It seems self-evident that eras are defined in popular consciousness by the iconic individuals that inhabit them. The Bird-Magic era blended into and was subsequently replaced by Jordan’s dominance in the NBA, just as Babe Ruth ended the dead ball era and helped to drive growth in the sport’s popularity. It is easy to see these events as clear demarcations of separate periods in the history of their respective sports, but there are also other, less concrete, dividers that exist for each individual.
Most of the time these individual eras form because they coincide with a specific time period in the person’s life. If you were a rebellious teenager in Detroit in the 80’s, maybe basketball didn’t pivot directions in 1992 when the torch was handed to Jordan on the Dream Team. Maybe, for you, the defining moment was the dissolution of the Bad Boys and Laimbeer’s retirement in 1993. If you were a baseball fan born in the mid 80’s it is completely possible that 1998, for you, is more recognizable as the year that Joe Carter and Dennis Eckersley retired than as the height of the steroid era and the explosion of the issue of PEDs into the public spotlight.
I’m saying all of this because this year, in all likelihood, is the end of an era for me and many others in my generation. Two threads still connect me to the sporting world of my childhood. The first has been hitting turn-around jumpers for the Los Angeles Lakers for the last 20 years, and the other has shattered records in multiple jerseys on his way to becoming one of the greatest quarterbacks of all time. They are the last two monuments standing in the decrepit ruins of my childhood Hall of Heroes, making a final stand before following legends like Ed Reed, Steve Nash, Derek Jeter, and, as an Atlanta kid, Chipper Jones into retirement.*
I vaguely remember watching a couple of games from the end of Jordan’s run with the Bulls, but my family was never fanatical about the NBA in the way that it was with baseball or football, so the necessary repetition wasn’t there for those experiences in front of the living room TV to imprint or have any kind of a lasting impression on a 5-year old kid. Because of this, the first concrete memories I have of professional basketball were playing NBA Courtside 98 on the Nintendo 64. Being a kid (and, therefore, being a member of the worst group of front-runners on planet earth), I naturally wanted to play with the guy in the number 8 jersey on the front of the cartridge. At some point during the hours spent tearing through the virtual NBA with Kobe and Shaq’s video game doppelgängers and the hundreds of hours watching the real Bryant win with O’Neal and then Gasol, the shooting guard for the Lakers became the center of my basketball world.

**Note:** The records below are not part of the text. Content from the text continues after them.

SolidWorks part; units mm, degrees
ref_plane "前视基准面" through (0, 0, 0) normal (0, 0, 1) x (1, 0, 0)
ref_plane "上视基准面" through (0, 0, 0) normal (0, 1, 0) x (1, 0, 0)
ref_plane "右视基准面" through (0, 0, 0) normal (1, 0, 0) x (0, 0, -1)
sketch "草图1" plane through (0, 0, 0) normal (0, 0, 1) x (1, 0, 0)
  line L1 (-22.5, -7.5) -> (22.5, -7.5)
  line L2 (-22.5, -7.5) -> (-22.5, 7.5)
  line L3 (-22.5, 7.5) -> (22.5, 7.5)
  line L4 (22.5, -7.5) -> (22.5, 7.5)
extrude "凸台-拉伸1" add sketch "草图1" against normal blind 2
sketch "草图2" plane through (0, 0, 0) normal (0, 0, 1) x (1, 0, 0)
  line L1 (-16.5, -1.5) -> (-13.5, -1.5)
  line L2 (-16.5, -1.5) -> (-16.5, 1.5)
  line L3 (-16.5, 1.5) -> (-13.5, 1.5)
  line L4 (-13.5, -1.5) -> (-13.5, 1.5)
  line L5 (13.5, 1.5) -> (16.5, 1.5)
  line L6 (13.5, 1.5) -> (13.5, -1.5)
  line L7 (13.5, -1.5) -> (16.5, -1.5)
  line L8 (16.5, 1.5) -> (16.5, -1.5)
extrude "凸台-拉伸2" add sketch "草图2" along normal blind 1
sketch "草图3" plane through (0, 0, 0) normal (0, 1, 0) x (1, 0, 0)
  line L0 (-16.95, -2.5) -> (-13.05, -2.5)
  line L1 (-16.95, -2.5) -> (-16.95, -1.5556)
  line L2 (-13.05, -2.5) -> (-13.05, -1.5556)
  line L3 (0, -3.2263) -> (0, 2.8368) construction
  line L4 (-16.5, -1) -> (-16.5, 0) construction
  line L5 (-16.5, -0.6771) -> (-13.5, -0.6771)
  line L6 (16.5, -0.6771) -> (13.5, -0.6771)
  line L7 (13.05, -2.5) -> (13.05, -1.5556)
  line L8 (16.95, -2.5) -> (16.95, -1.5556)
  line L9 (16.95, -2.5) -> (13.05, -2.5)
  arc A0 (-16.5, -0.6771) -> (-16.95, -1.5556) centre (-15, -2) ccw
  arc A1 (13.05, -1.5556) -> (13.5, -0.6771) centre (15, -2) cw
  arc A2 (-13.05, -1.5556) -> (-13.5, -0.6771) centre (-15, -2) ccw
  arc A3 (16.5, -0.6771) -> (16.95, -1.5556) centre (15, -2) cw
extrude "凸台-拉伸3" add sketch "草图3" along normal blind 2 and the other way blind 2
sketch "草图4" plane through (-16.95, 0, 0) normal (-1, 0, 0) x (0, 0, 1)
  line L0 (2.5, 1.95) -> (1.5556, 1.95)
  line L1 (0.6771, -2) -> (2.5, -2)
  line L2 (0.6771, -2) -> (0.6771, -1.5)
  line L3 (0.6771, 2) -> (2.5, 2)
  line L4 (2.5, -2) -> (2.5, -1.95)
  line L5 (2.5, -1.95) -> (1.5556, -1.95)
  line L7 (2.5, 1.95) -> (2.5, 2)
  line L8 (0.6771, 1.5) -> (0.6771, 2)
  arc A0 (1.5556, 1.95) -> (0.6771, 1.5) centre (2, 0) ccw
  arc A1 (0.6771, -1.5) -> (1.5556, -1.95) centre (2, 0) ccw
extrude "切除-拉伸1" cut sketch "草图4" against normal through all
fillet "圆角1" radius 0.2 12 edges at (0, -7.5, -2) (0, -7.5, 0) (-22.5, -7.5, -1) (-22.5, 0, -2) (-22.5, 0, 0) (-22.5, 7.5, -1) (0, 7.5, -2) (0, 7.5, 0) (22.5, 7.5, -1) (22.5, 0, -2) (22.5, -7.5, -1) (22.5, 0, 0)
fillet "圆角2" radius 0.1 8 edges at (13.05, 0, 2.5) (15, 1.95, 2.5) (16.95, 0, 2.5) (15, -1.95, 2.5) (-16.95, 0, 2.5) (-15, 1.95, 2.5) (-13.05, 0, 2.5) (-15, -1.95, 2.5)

Peyton Manning was the second non-Falcon that I became attached to in the NFL. The first was Marshall Faulk, but Faulk was already established when I came into sports-consciousness. There is a part of his career that existed outside of my frame of reference. Faulk (and the St. Louis Rams, RIP) holds an important place in my memory, but he is not mine. Manning, like Kobe, was just beginning his professional career when I started following the NFL. There is a feeling of ownership that comes with shared bookends, like a college great who started and ended his playing career during your four years, that you can’t feel with players who come before or after your time. Peyton Manning is my superstar quarterback just as Joe Namath was my father’s.
It’s easy to nitpick at the end of both of these legends’ careers. Peyton is currently being carried to the finish line by a monster defense in the worst individual season of his career. Kobe’s struggles have been dissected for the last few years by every sports media outlet in the country, but here are the cliff notes: bad shot selection, black hole contract, general ballhoggery. That being said, Manning will go down as one of the five best quarterbacks of all time, retiring with the most passing yards and touchdowns ever. Kobe will finish his career as the second best shooting guard of all time, with numbers every bit as impressive as Manning’s and five championship rings to boot.
When the dust settles we won’t be thinking about a torn Achilles tendon or a neck injury. We’ll remember a two-guard with a killer instinct who wanted the toughest defensive match-up night-in and night-out. We’ll remember the brilliant conductor of a beautiful offensive orchestra, the arm and the awards and the audibles.
Perhaps it is pointless, or even disrespectful, to contemplate the retirement of two athletes only a few weeks after the world lost three titans of entertainment, but this is the phase people my age have entered. It was only recently that the names of retiring players began to shock us or have significant meaning. It will be a while still before the names in obituaries will routinely carry weight with us, although the ones that do seem to grow more common by the day. For now, the endings that millennial sports fans feel acutely are more often the conclusion of careers than the conclusion of lives, and I’m thankful for that.
Still, I’m going to miss Peyton and I’m going to miss Kobe. I’m not sure any athlete, especially one who doesn’t play for my team, will ever mean as much to me as these two have. Even though it hurts, I guess I have to acknowledge that it’s time to say goodbye to my childhood heroes – and it’s time to grow up.
*I should note here that Manning has not publicly announced plans to retire, and that this is based solely off of my hunch that this will be his last year (and my opinion that this should be his last year).